> TASK DIRECTIONS: Exactly as written, retype all of the records that come next.
SOURCE MATERIAL Block Start
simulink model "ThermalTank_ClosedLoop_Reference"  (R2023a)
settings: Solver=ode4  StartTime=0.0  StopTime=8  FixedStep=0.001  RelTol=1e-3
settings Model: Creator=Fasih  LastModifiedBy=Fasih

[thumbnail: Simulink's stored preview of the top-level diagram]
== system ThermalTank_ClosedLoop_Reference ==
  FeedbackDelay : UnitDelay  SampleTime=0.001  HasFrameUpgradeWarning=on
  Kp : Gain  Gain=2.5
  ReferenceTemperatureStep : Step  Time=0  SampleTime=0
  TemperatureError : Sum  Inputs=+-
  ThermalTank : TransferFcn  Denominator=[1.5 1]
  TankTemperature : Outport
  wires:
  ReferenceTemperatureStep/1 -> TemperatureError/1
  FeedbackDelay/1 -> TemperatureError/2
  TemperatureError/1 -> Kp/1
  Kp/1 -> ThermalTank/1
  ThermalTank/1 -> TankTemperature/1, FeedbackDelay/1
SOURCE MATERIAL Block End
> ANSWER BOX:
simulink model "ThermalTank_ClosedLoop_Reference"  (R2023a)
settings: Solver=ode4  StartTime=0.0  StopTime=8  FixedStep=0.001  RelTol=1e-3
settings Model: Creator=Fasih  LastModifiedBy=Fasih

[thumbnail: Simulink's stored preview of the top-level diagram]
== system ThermalTank_ClosedLoop_Reference ==
  FeedbackDelay : UnitDelay  SampleTime=0.001  HasFrameUpgradeWarning=on
  Kp : Gain  Gain=2.5
  ReferenceTemperatureStep : Step  Time=0  SampleTime=0
  TemperatureError : Sum  Inputs=+-
  ThermalTank : TransferFcn  Denominator=[1.5 1]
  TankTemperature : Outport
  wires:
  ReferenceTemperatureStep/1 -> TemperatureError/1
  FeedbackDelay/1 -> TemperatureError/2
  TemperatureError/1 -> Kp/1
  Kp/1 -> ThermalTank/1
  ThermalTank/1 -> TankTemperature/1, FeedbackDelay/1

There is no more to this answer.